Return to PJ Online Home Page
The Pharmaceutical Journal Vol 264 No 7078 p42
January 8, 2000 Onlooker

Fatal freeze

penguin cartoon Several suggestions have been made to explain the factors which were involved in the disastrous outcome of Robert Falcon Scott's race to the South Pole in 1911-12, in which his returning party died in a blizzard. According to a report published in Science for November 19, 1999, the reason for the disaster was an extraordinarily cold spell of weather affecting Antarctica in March, 1912. It could not have been foreseen, and it made all the difference between survival and death.

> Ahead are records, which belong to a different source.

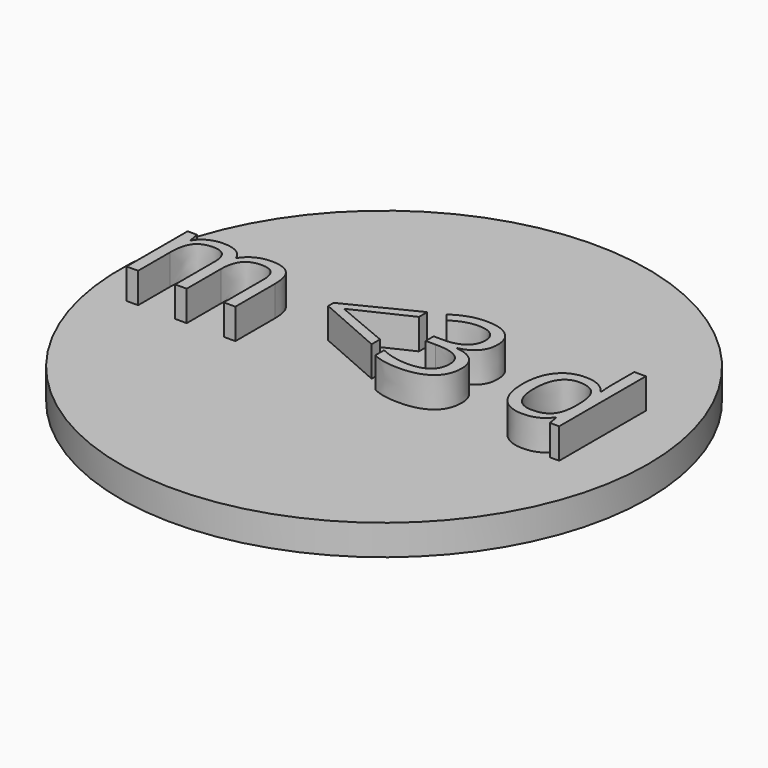
from build123d import *

# Parameters (mm, degrees)
F0_R         = 22.0853
F2_DEPTH     = 2.54
F3_TEXT_SIZE = 11.9297403014
F4_DEPTH     = 2.54


# Not quite as in the source:
# - a feature names something its author has since deleted; it is built from what else it names
# - Text() gives the source's letters only with a copy of the font that has no kerning and outlines rounded to 1/6400 em; it was checked with that copy


with BuildPart() as f2:
    # F0 (on Top) → F2 (new body)
    with BuildSketch(Plane.XY):
        Circle(F0_R)
    extrude(amount=F2_DEPTH)

    # F3 (on face) → F4 (join)
    with BuildSketch(Plane.XY.offset(2.54)):
        with Locations((-19.9755243957, -3.245477099)):
            Text('m <3 d', F3_TEXT_SIZE, font='Open Sans', text_align=(TextAlign.LEFT, TextAlign.BOTTOM))
    extrude(amount=F4_DEPTH)


solid = f2.part
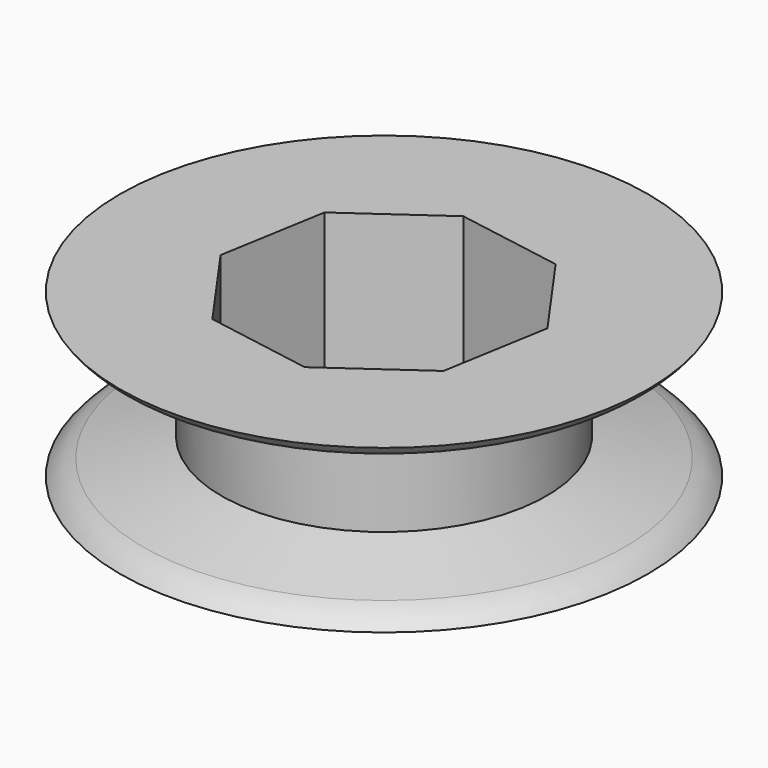
from build123d import *

# Parameters (mm, degrees)
F4_DEPTH = 8.001


# Not quite as in the source:
# - a fillet or chamfer that OpenCascade refuses, or shapes differently, is made with other operations: its cross-section is extruded or revolved along the edge and cut away or added


with BuildPart() as f1:
    # F0 (on Front) → F1 (revolve)
    with BuildSketch(Plane.XZ):
        Polygon((-13, 0), (0, 0), (0, 8), (-13, 8), (-13, 7.5), (-8, 6.25), (-8, 1.75), (-13, 0.5), align=None)
    revolve(axis=Axis((0, 0, 4), (0, 0, 1)))

    # F2: fillet of radius 2 on 2 edges, made by hand

    # F2_s1 → F2_t2 (revolve, cut)
    with BuildSketch(Plane.XZ):
        with BuildLine():
            ThreePointArc((-13, 8), (-12.4961942947, 7.5030870148), (-11.8508805842, 7.212720146))
            Line((-11.8508805842, 7.212720146), (-13, 7.5))
            Line((-13, 7.5), (-13, 8))
        make_face()
    revolve(axis=Axis((0, 0, 7.5), (0, 0, 1)), mode=Mode.SUBTRACT)

    # F2_s3 → F2_t4 (revolve, cut)
    with BuildSketch(Plane.XZ):
        with BuildLine():
            ThreePointArc((-11.8508805842, 0.787279854), (-12.4961942947, 0.4969129852), (-13, 0))
            Line((-13, 0), (-13, 0.5))
            Line((-13, 0.5), (-11.8508805842, 0.787279854))
        make_face()
    revolve(axis=Axis((0, 0, 0.5), (0, 0, 1)), mode=Mode.SUBTRACT)

    # F3 (on Top) → F4 (cut, through all)
    with BuildSketch(Plane.XY):
        Polygon((6.808574619, 1.5439145703), (3.722676821, 5.9061017456), (-1.5439145703, 6.808574619), (-5.9061017456, 3.722676821), (-6.808574619, -1.5439145703), (-3.722676821, -5.9061017456), (1.5439145703, -6.808574619), (5.9061017456, -3.722676821), align=None)
    extrude(amount=F4_DEPTH, mode=Mode.SUBTRACT)


solid = f1.part

Scott and his party reached the Pole in January, a month after the achievement of Roald Amundsen. On their return journey the loss of a member of the team and of the ponies used to pull the sleds seriously retarded their progress, and bad weather closed in on them. Scott and his companions Wilson, Oates and Bowers were trapped in their tent in March by continuous blizzards and temperatures reaching as low as –38C which developed in less than a week. In his journals, Scott recorded on several occasions a temperature below –40C indeed.
Scientists in the United States have now traced monthly temperatures over a period of 15 years, recorded at four automated weather stations along the route followed by Scott's party during the retreat towards their base in 1912. Late February and early March were some seven degrees warmer than the figures mentioned by Scott in his journals. Moreover, on his journey Scott had carried the records of Ernest Shackleton, which conveyed warmer conditions than those in 1912. Thus, it seems clear that the disastrous outcome of Scott's expedition must be attributed, as many have suggested, to an atmospheric freak which nobody could have foreseen, and not to bad planning or sickness which other critics have invoked.